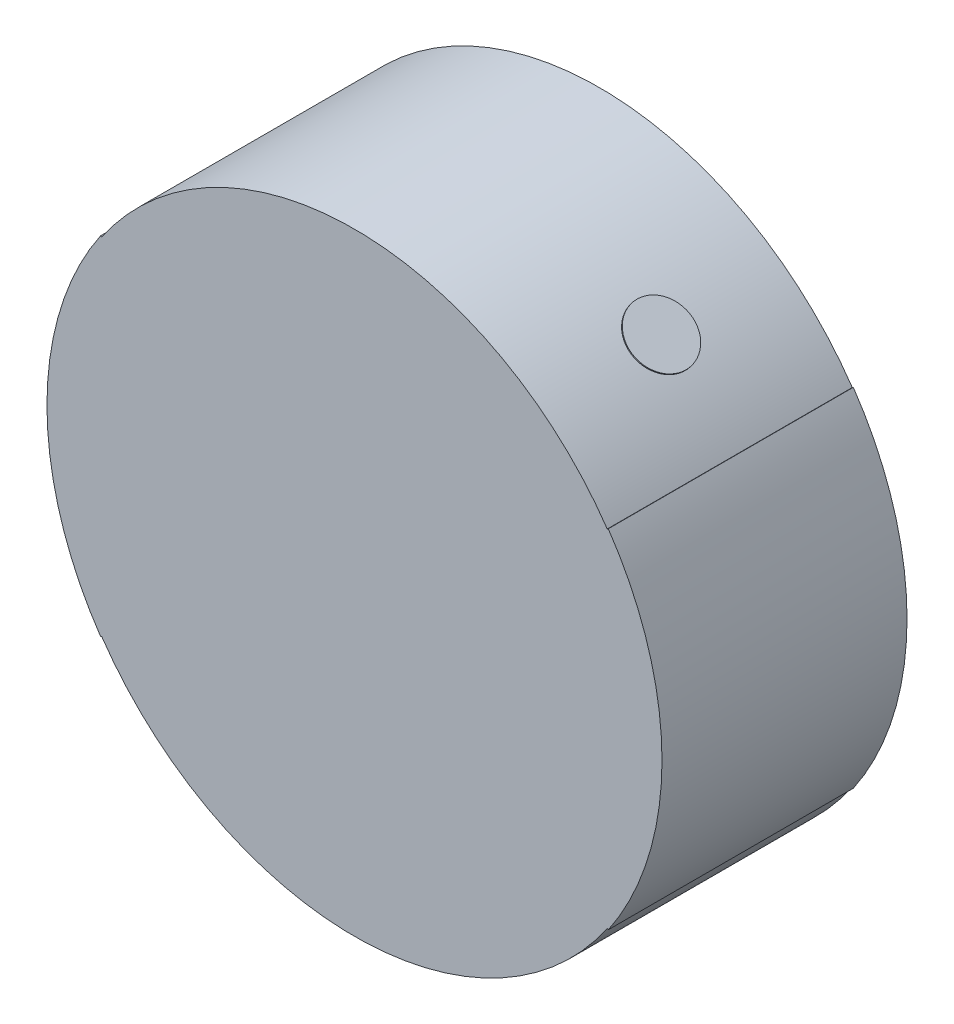
ISO-10303-21;
HEADER;
FILE_DESCRIPTION(('STEP AP214'),'2;1');
FILE_NAME('part.step','',(''),(''),'','','');
FILE_SCHEMA(('AUTOMOTIVE_DESIGN { 1 0 10303 214 1 1 1 1 }'));
ENDSEC;
DATA;
#1=APPLICATION_CONTEXT('core data for automotive mechanical design processes');
#2=APPLICATION_PROTOCOL_DEFINITION('international standard','automotive_design',2000,#1);
#3=PRODUCT_CONTEXT('',#1,'mechanical');
#4=PRODUCT('Part','Part','',(#3));
#5=PRODUCT_RELATED_PRODUCT_CATEGORY('part','',(#4));
#6=PRODUCT_DEFINITION_FORMATION('','',#4);
#7=PRODUCT_DEFINITION_CONTEXT('part definition',#1,'design');
#8=PRODUCT_DEFINITION('design','',#6,#7);
#9=PRODUCT_DEFINITION_SHAPE('','',#8);
#10=(LENGTH_UNIT() NAMED_UNIT(*) SI_UNIT(.MILLI.,.METRE.));
#11=(NAMED_UNIT(*) PLANE_ANGLE_UNIT() SI_UNIT($,.RADIAN.));
#12=(NAMED_UNIT(*) SI_UNIT($,.STERADIAN.) SOLID_ANGLE_UNIT());
#13=UNCERTAINTY_MEASURE_WITH_UNIT(LENGTH_MEASURE(1.E-05),#10,'distance_accuracy_value','');
#14=(GEOMETRIC_REPRESENTATION_CONTEXT(3) GLOBAL_UNCERTAINTY_ASSIGNED_CONTEXT((#13)) GLOBAL_UNIT_ASSIGNED_CONTEXT((#10,
#11,#12)) REPRESENTATION_CONTEXT('',''));
#15=CARTESIAN_POINT('',(0.,0.,0.));
#16=DIRECTION('',(0.,0.,1.));
#17=DIRECTION('',(1.,0.,0.));
#18=AXIS2_PLACEMENT_3D('',#15,#16,#17);
#19=CARTESIAN_POINT('',(1.506,2.008,0.));
#20=DIRECTION('',(-0.6,-0.8,0.));
#21=DIRECTION('',(0.8,-0.6,0.));
#22=AXIS2_PLACEMENT_3D('',#19,#20,#21);
#23=CYLINDRICAL_SURFACE('',#22,0.25);
#24=CARTESIAN_POINT('',(1.506,2.008,0.));
#25=DIRECTION('',(0.6,0.8,0.));
#26=DIRECTION('',(-0.8,0.6,0.));
#27=AXIS2_PLACEMENT_3D('',#24,#25,#26);
#28=CIRCLE('',#27,0.25);
#29=CARTESIAN_POINT('',(1.306,2.158,0.));
#30=VERTEX_POINT('',#29);
#31=EDGE_CURVE('E11',#30,#30,#28,.T.);
#32=ORIENTED_EDGE('',*,*,#31,.F.);
#33=EDGE_LOOP('',(#32));
#34=FACE_BOUND('',#33,.T.);
#35=CARTESIAN_POINT('',(1.5,2.,0.));
#36=DIRECTION('',(0.6,0.8,0.));
#37=DIRECTION('',(-0.8,0.6,0.));
#38=AXIS2_PLACEMENT_3D('',#35,#36,#37);
#39=CIRCLE('',#38,0.25);
#40=CARTESIAN_POINT('',(1.3,2.15,0.));
#41=VERTEX_POINT('',#40);
#42=EDGE_CURVE('E46',#41,#41,#39,.T.);
#43=ORIENTED_EDGE('',*,*,#42,.T.);
#44=EDGE_LOOP('',(#43));
#45=FACE_BOUND('',#44,.T.);
#46=ADVANCED_FACE('F43',(#34,#45),#23,.T.);
#47=CARTESIAN_POINT('',(1.506,2.008,0.));
#48=DIRECTION('',(0.6,0.8,0.));
#49=DIRECTION('',(-0.8,0.6,0.));
#50=AXIS2_PLACEMENT_3D('',#47,#48,#49);
#51=PLANE('',#50);
#52=ORIENTED_EDGE('',*,*,#31,.T.);
#53=EDGE_LOOP('',(#52));
#54=FACE_BOUND('',#53,.T.);
#55=ADVANCED_FACE('F58',(#54),#51,.T.);
#56=CARTESIAN_POINT('',(1.5,2.,0.));
#57=DIRECTION('',(0.6,0.8,0.));
#58=DIRECTION('',(-0.8,0.6,0.));
#59=AXIS2_PLACEMENT_3D('',#56,#57,#58);
#60=PLANE('',#59);
#61=ORIENTED_EDGE('',*,*,#42,.F.);
#62=EDGE_LOOP('',(#61));
#63=FACE_BOUND('',#62,.T.);
#64=ADVANCED_FACE('F56',(#63),#60,.F.);
#65=CLOSED_SHELL('',(#46,#55,#64));
#66=MANIFOLD_SOLID_BREP('B2',#65);
#67=CARTESIAN_POINT('',(0.,0.,1.));
#68=DIRECTION('',(0.,0.,-1.));
#69=DIRECTION('',(-1.,0.,0.));
#70=AXIS2_PLACEMENT_3D('',#67,#68,#69);
#71=CYLINDRICAL_SURFACE('',#70,2.5);
#72=DIRECTION('',(0.,0.,1.));
#73=VECTOR('',#72,1.);
#74=CARTESIAN_POINT('',(-2.0633390372742,-1.41160618348759,-1.));
#75=LINE('',#74,#73);
#76=CARTESIAN_POINT('',(-2.0633390372742,-1.41160618348759,-1.));
#77=VERTEX_POINT('',#76);
#78=CARTESIAN_POINT('',(-2.0633390372742,-1.41160618348759,1.));
#79=VERTEX_POINT('',#78);
#80=EDGE_CURVE('E178',#77,#79,#75,.T.);
#81=ORIENTED_EDGE('',*,*,#80,.F.);
#82=CARTESIAN_POINT('',(0.,0.,-1.));
#83=DIRECTION('',(0.,0.,1.));
#84=DIRECTION('',(1.,0.,0.));
#85=AXIS2_PLACEMENT_3D('',#82,#83,#84);
#86=CIRCLE('',#85,2.5);
#87=CARTESIAN_POINT('',(2.0633390372742,-1.41160618348759,-1.));
#88=VERTEX_POINT('',#87);
#89=EDGE_CURVE('E205',#77,#88,#86,.T.);
#90=ORIENTED_EDGE('',*,*,#89,.T.);
#91=DIRECTION('',(0.,0.,1.));
#92=VECTOR('',#91,1.);
#93=CARTESIAN_POINT('',(2.0633390372742,-1.41160618348759,-1.));
#94=LINE('',#93,#92);
#95=CARTESIAN_POINT('',(2.0633390372742,-1.41160618348759,1.));
#96=VERTEX_POINT('',#95);
#97=EDGE_CURVE('E194',#88,#96,#94,.T.);
#98=ORIENTED_EDGE('',*,*,#97,.T.);
#99=CARTESIAN_POINT('',(0.,0.,1.));
#100=DIRECTION('',(0.,0.,1.));
#101=DIRECTION('',(1.,0.,0.));
#102=AXIS2_PLACEMENT_3D('',#99,#100,#101);
#103=CIRCLE('',#102,2.5);
#104=EDGE_CURVE('E92',#79,#96,#103,.T.);
#105=ORIENTED_EDGE('',*,*,#104,.F.);
#106=EDGE_LOOP('',(#81,#90,#98,#105));
#107=FACE_BOUND('',#106,.T.);
#108=ADVANCED_FACE('F84',(#107),#71,.T.);
#109=DIRECTION('',(0.,0.,1.));
#110=VECTOR('',#109,1.);
#111=CARTESIAN_POINT('',(-2.0633390372742,1.41160618348759,-1.));
#112=LINE('',#111,#110);
#113=CARTESIAN_POINT('',(-2.0633390372742,1.41160618348759,-1.));
#114=VERTEX_POINT('',#113);
#115=CARTESIAN_POINT('',(-2.0633390372742,1.41160618348759,1.));
#116=VERTEX_POINT('',#115);
#117=EDGE_CURVE('E106',#114,#116,#112,.T.);
#118=ORIENTED_EDGE('',*,*,#117,.T.);
#119=CARTESIAN_POINT('',(2.0633390372742,1.41160618348759,1.));
#120=VERTEX_POINT('',#119);
#121=EDGE_CURVE('E41',#120,#116,#103,.T.);
#122=ORIENTED_EDGE('',*,*,#121,.F.);
#123=DIRECTION('',(0.,0.,1.));
#124=VECTOR('',#123,1.);
#125=CARTESIAN_POINT('',(2.0633390372742,1.41160618348759,-1.));
#126=LINE('',#125,#124);
#127=CARTESIAN_POINT('',(2.0633390372742,1.41160618348759,-1.));
#128=VERTEX_POINT('',#127);
#129=EDGE_CURVE('E202',#128,#120,#126,.T.);
#130=ORIENTED_EDGE('',*,*,#129,.F.);
#131=EDGE_CURVE('E87',#128,#114,#86,.T.);
#132=ORIENTED_EDGE('',*,*,#131,.T.);
#133=EDGE_LOOP('',(#118,#122,#130,#132));
#134=FACE_BOUND('',#133,.T.);
#135=ADVANCED_FACE('F220',(#134),#71,.T.);
#136=CARTESIAN_POINT('',(0.,0.,1.));
#137=DIRECTION('',(0.,0.,1.));
#138=DIRECTION('',(1.,0.,0.));
#139=AXIS2_PLACEMENT_3D('',#136,#137,#138);
#140=PLANE('',#139);
#141=ORIENTED_EDGE('',*,*,#121,.T.);
#142=DIRECTION('',(0.825335614909667,-0.564642473395052,0.));
#143=VECTOR('',#142,1.);
#144=CARTESIAN_POINT('',(-2.0633390372742,1.41160618348759,1.));
#145=LINE('',#144,#143);
#146=CARTESIAN_POINT('',(-2.07159239342329,1.41725260822154,1.));
#147=VERTEX_POINT('',#146);
#148=EDGE_CURVE('E175',#147,#116,#145,.T.);
#149=ORIENTED_EDGE('',*,*,#148,.F.);
#150=CARTESIAN_POINT('',(0.,0.,1.));
#151=DIRECTION('',(0.,0.,-1.));
#152=DIRECTION('',(1.,0.,0.));
#153=AXIS2_PLACEMENT_3D('',#150,#151,#152);
#154=CIRCLE('',#153,2.51);
#155=CARTESIAN_POINT('',(-2.07159239342329,-1.41725260822154,1.));
#156=VERTEX_POINT('',#155);
#157=EDGE_CURVE('E163',#156,#147,#154,.T.);
#158=ORIENTED_EDGE('',*,*,#157,.F.);
#159=DIRECTION('',(-0.825335614909681,-0.564642473395032,0.));
#160=VECTOR('',#159,1.);
#161=CARTESIAN_POINT('',(-2.0633390372742,-1.41160618348759,1.));
#162=LINE('',#161,#160);
#163=EDGE_CURVE('E170',#79,#156,#162,.T.);
#164=ORIENTED_EDGE('',*,*,#163,.F.);
#165=ORIENTED_EDGE('',*,*,#104,.T.);
#166=DIRECTION('',(0.825335614909681,-0.564642473395032,0.));
#167=VECTOR('',#166,1.);
#168=CARTESIAN_POINT('',(2.0633390372742,-1.41160618348759,1.));
#169=LINE('',#168,#167);
#170=CARTESIAN_POINT('',(2.07159239342329,-1.41725260822154,1.));
#171=VERTEX_POINT('',#170);
#172=EDGE_CURVE('E181',#96,#171,#169,.T.);
#173=ORIENTED_EDGE('',*,*,#172,.T.);
#174=CARTESIAN_POINT('',(0.,0.,1.));
#175=DIRECTION('',(0.,0.,1.));
#176=DIRECTION('',(-1.,0.,0.));
#177=AXIS2_PLACEMENT_3D('',#174,#175,#176);
#178=CIRCLE('',#177,2.51);
#179=CARTESIAN_POINT('',(2.07159239342329,1.41725260822154,1.));
#180=VERTEX_POINT('',#179);
#181=EDGE_CURVE('E197',#171,#180,#178,.T.);
#182=ORIENTED_EDGE('',*,*,#181,.T.);
#183=DIRECTION('',(-0.825335614909667,-0.564642473395052,0.));
#184=VECTOR('',#183,1.);
#185=CARTESIAN_POINT('',(2.0633390372742,1.41160618348759,1.));
#186=LINE('',#185,#184);
#187=EDGE_CURVE('E188',#180,#120,#186,.T.);
#188=ORIENTED_EDGE('',*,*,#187,.T.);
#189=EDGE_LOOP('',(#141,#149,#158,#164,#165,#173,#182,#188));
#190=FACE_BOUND('',#189,.T.);
#191=ADVANCED_FACE('F217',(#190),#140,.T.);
#192=CARTESIAN_POINT('',(0.,0.,-1.));
#193=DIRECTION('',(0.,0.,1.));
#194=DIRECTION('',(1.,0.,0.));
#195=AXIS2_PLACEMENT_3D('',#192,#193,#194);
#196=PLANE('',#195);
#197=ORIENTED_EDGE('',*,*,#131,.F.);
#198=DIRECTION('',(-0.825335614909667,-0.564642473395052,0.));
#199=VECTOR('',#198,1.);
#200=CARTESIAN_POINT('',(2.0633390372742,1.41160618348759,-1.));
#201=LINE('',#200,#199);
#202=CARTESIAN_POINT('',(2.07159239342329,1.41725260822154,-1.));
#203=VERTEX_POINT('',#202);
#204=EDGE_CURVE('E191',#203,#128,#201,.T.);
#205=ORIENTED_EDGE('',*,*,#204,.F.);
#206=CARTESIAN_POINT('',(0.,0.,-1.));
#207=DIRECTION('',(0.,0.,1.));
#208=DIRECTION('',(-1.,0.,0.));
#209=AXIS2_PLACEMENT_3D('',#206,#207,#208);
#210=CIRCLE('',#209,2.51);
#211=CARTESIAN_POINT('',(2.07159239342329,-1.41725260822154,-1.));
#212=VERTEX_POINT('',#211);
#213=EDGE_CURVE('E187',#212,#203,#210,.T.);
#214=ORIENTED_EDGE('',*,*,#213,.F.);
#215=DIRECTION('',(0.825335614909681,-0.564642473395032,0.));
#216=VECTOR('',#215,1.);
#217=CARTESIAN_POINT('',(2.0633390372742,-1.41160618348759,-1.));
#218=LINE('',#217,#216);
#219=EDGE_CURVE('E184',#88,#212,#218,.T.);
#220=ORIENTED_EDGE('',*,*,#219,.F.);
#221=ORIENTED_EDGE('',*,*,#89,.F.);
#222=DIRECTION('',(-0.825335614909681,-0.564642473395032,0.));
#223=VECTOR('',#222,1.);
#224=CARTESIAN_POINT('',(-2.0633390372742,-1.41160618348759,-1.));
#225=LINE('',#224,#223);
#226=CARTESIAN_POINT('',(-2.07159239342329,-1.41725260822154,-1.));
#227=VERTEX_POINT('',#226);
#228=EDGE_CURVE('E154',#77,#227,#225,.T.);
#229=ORIENTED_EDGE('',*,*,#228,.T.);
#230=CARTESIAN_POINT('',(0.,0.,-1.));
#231=DIRECTION('',(0.,0.,-1.));
#232=DIRECTION('',(1.,0.,0.));
#233=AXIS2_PLACEMENT_3D('',#230,#231,#232);
#234=CIRCLE('',#233,2.51);
#235=CARTESIAN_POINT('',(-2.07159239342329,1.41725260822154,-1.));
#236=VERTEX_POINT('',#235);
#237=EDGE_CURVE('E148',#227,#236,#234,.T.);
#238=ORIENTED_EDGE('',*,*,#237,.T.);
#239=DIRECTION('',(0.825335614909667,-0.564642473395052,0.));
#240=VECTOR('',#239,1.);
#241=CARTESIAN_POINT('',(-2.0633390372742,1.41160618348759,-1.));
#242=LINE('',#241,#240);
#243=EDGE_CURVE('E152',#236,#114,#242,.T.);
#244=ORIENTED_EDGE('',*,*,#243,.T.);
#245=EDGE_LOOP('',(#197,#205,#214,#220,#221,#229,#238,#244));
#246=FACE_BOUND('',#245,.T.);
#247=ADVANCED_FACE('F150',(#246),#196,.F.);
#248=CARTESIAN_POINT('',(2.0633390372742,1.41160618348759,-1.));
#249=DIRECTION('',(-0.564642473395052,0.825335614909667,0.));
#250=DIRECTION('',(-0.825335614909667,-0.564642473395052,0.));
#251=AXIS2_PLACEMENT_3D('',#248,#249,#250);
#252=PLANE('',#251);
#253=ORIENTED_EDGE('',*,*,#187,.F.);
#254=DIRECTION('',(0.,0.,1.));
#255=VECTOR('',#254,1.);
#256=CARTESIAN_POINT('',(2.07159239342329,1.41725260822154,-1.));
#257=LINE('',#256,#255);
#258=EDGE_CURVE('E206',#203,#180,#257,.T.);
#259=ORIENTED_EDGE('',*,*,#258,.F.);
#260=ORIENTED_EDGE('',*,*,#204,.T.);
#261=ORIENTED_EDGE('',*,*,#129,.T.);
#262=EDGE_LOOP('',(#253,#259,#260,#261));
#263=FACE_BOUND('',#262,.T.);
#264=ADVANCED_FACE('F224',(#263),#252,.T.);
#265=CARTESIAN_POINT('',(0.,0.,-1.));
#266=DIRECTION('',(0.,0.,1.));
#267=DIRECTION('',(1.,0.,0.));
#268=AXIS2_PLACEMENT_3D('',#265,#266,#267);
#269=CYLINDRICAL_SURFACE('',#268,2.51);
#270=ORIENTED_EDGE('',*,*,#181,.F.);
#271=DIRECTION('',(0.,0.,1.));
#272=VECTOR('',#271,1.);
#273=CARTESIAN_POINT('',(2.07159239342329,-1.41725260822154,-1.));
#274=LINE('',#273,#272);
#275=EDGE_CURVE('E208',#212,#171,#274,.T.);
#276=ORIENTED_EDGE('',*,*,#275,.F.);
#277=ORIENTED_EDGE('',*,*,#213,.T.);
#278=ORIENTED_EDGE('',*,*,#258,.T.);
#279=EDGE_LOOP('',(#270,#276,#277,#278));
#280=FACE_BOUND('',#279,.T.);
#281=ADVANCED_FACE('F226',(#280),#269,.T.);
#282=CARTESIAN_POINT('',(2.0633390372742,-1.41160618348759,-1.));
#283=DIRECTION('',(-0.564642473395032,-0.825335614909681,0.));
#284=DIRECTION('',(0.825335614909681,-0.564642473395032,0.));
#285=AXIS2_PLACEMENT_3D('',#282,#283,#284);
#286=PLANE('',#285);
#287=ORIENTED_EDGE('',*,*,#172,.F.);
#288=ORIENTED_EDGE('',*,*,#97,.F.);
#289=ORIENTED_EDGE('',*,*,#219,.T.);
#290=ORIENTED_EDGE('',*,*,#275,.T.);
#291=EDGE_LOOP('',(#287,#288,#289,#290));
#292=FACE_BOUND('',#291,.T.);
#293=ADVANCED_FACE('F214',(#292),#286,.T.);
#294=CARTESIAN_POINT('',(-2.0633390372742,-1.41160618348759,-1.));
#295=DIRECTION('',(-0.564642473395032,0.825335614909681,0.));
#296=DIRECTION('',(-0.825335614909681,-0.564642473395032,0.));
#297=AXIS2_PLACEMENT_3D('',#294,#295,#296);
#298=PLANE('',#297);
#299=ORIENTED_EDGE('',*,*,#163,.T.);
#300=DIRECTION('',(0.,0.,1.));
#301=VECTOR('',#300,1.);
#302=CARTESIAN_POINT('',(-2.07159239342329,-1.41725260822154,-1.));
#303=LINE('',#302,#301);
#304=EDGE_CURVE('E167',#227,#156,#303,.T.);
#305=ORIENTED_EDGE('',*,*,#304,.F.);
#306=ORIENTED_EDGE('',*,*,#228,.F.);
#307=ORIENTED_EDGE('',*,*,#80,.T.);
#308=EDGE_LOOP('',(#299,#305,#306,#307));
#309=FACE_BOUND('',#308,.T.);
#310=ADVANCED_FACE('F233',(#309),#298,.F.);
#311=CARTESIAN_POINT('',(0.,0.,-1.));
#312=DIRECTION('',(0.,0.,1.));
#313=DIRECTION('',(1.,0.,0.));
#314=AXIS2_PLACEMENT_3D('',#311,#312,#313);
#315=CYLINDRICAL_SURFACE('',#314,2.51);
#316=ORIENTED_EDGE('',*,*,#157,.T.);
#317=DIRECTION('',(0.,0.,1.));
#318=VECTOR('',#317,1.);
#319=CARTESIAN_POINT('',(-2.07159239342329,1.41725260822154,-1.));
#320=LINE('',#319,#318);
#321=EDGE_CURVE('E160',#236,#147,#320,.T.);
#322=ORIENTED_EDGE('',*,*,#321,.F.);
#323=ORIENTED_EDGE('',*,*,#237,.F.);
#324=ORIENTED_EDGE('',*,*,#304,.T.);
#325=EDGE_LOOP('',(#316,#322,#323,#324));
#326=FACE_BOUND('',#325,.T.);
#327=ADVANCED_FACE('F161',(#326),#315,.T.);
#328=CARTESIAN_POINT('',(-2.0633390372742,1.41160618348759,-1.));
#329=DIRECTION('',(-0.564642473395052,-0.825335614909667,0.));
#330=DIRECTION('',(0.825335614909667,-0.564642473395052,0.));
#331=AXIS2_PLACEMENT_3D('',#328,#329,#330);
#332=PLANE('',#331);
#333=ORIENTED_EDGE('',*,*,#148,.T.);
#334=ORIENTED_EDGE('',*,*,#117,.F.);
#335=ORIENTED_EDGE('',*,*,#243,.F.);
#336=ORIENTED_EDGE('',*,*,#321,.T.);
#337=EDGE_LOOP('',(#333,#334,#335,#336));
#338=FACE_BOUND('',#337,.T.);
#339=ADVANCED_FACE('F169',(#338),#332,.F.);
#340=CLOSED_SHELL('',(#108,#135,#191,#247,#264,#281,#293,#310,#327,#339));
#341=MANIFOLD_SOLID_BREP('B6',#340);
#342=ADVANCED_BREP_SHAPE_REPRESENTATION('',(#18,#66,#341),#14);
#343=SHAPE_DEFINITION_REPRESENTATION(#9,#342);
ENDSEC;
END-ISO-10303-21;

####################

● Work instructions: Copy exactly, and only, the lines from the first entry through the line holding "#5=PRODUCT_RELATED_PRODUCT_CATEGORY('part','',(#4));", both ends included, leaving out every picture.

● Exercise solution:
ISO-10303-21;
HEADER;
FILE_DESCRIPTION(('STEP AP214'),'2;1');
FILE_NAME('part.step','',(''),(''),'','','');
FILE_SCHEMA(('AUTOMOTIVE_DESIGN { 1 0 10303 214 1 1 1 1 }'));
ENDSEC;
DATA;
#1=APPLICATION_CONTEXT('core data for automotive mechanical design processes');
#2=APPLICATION_PROTOCOL_DEFINITION('international standard','automotive_design',2000,#1);
#3=PRODUCT_CONTEXT('',#1,'mechanical');
#4=PRODUCT('Part','Part','',(#3));
#5=PRODUCT_RELATED_PRODUCT_CATEGORY('part','',(#4));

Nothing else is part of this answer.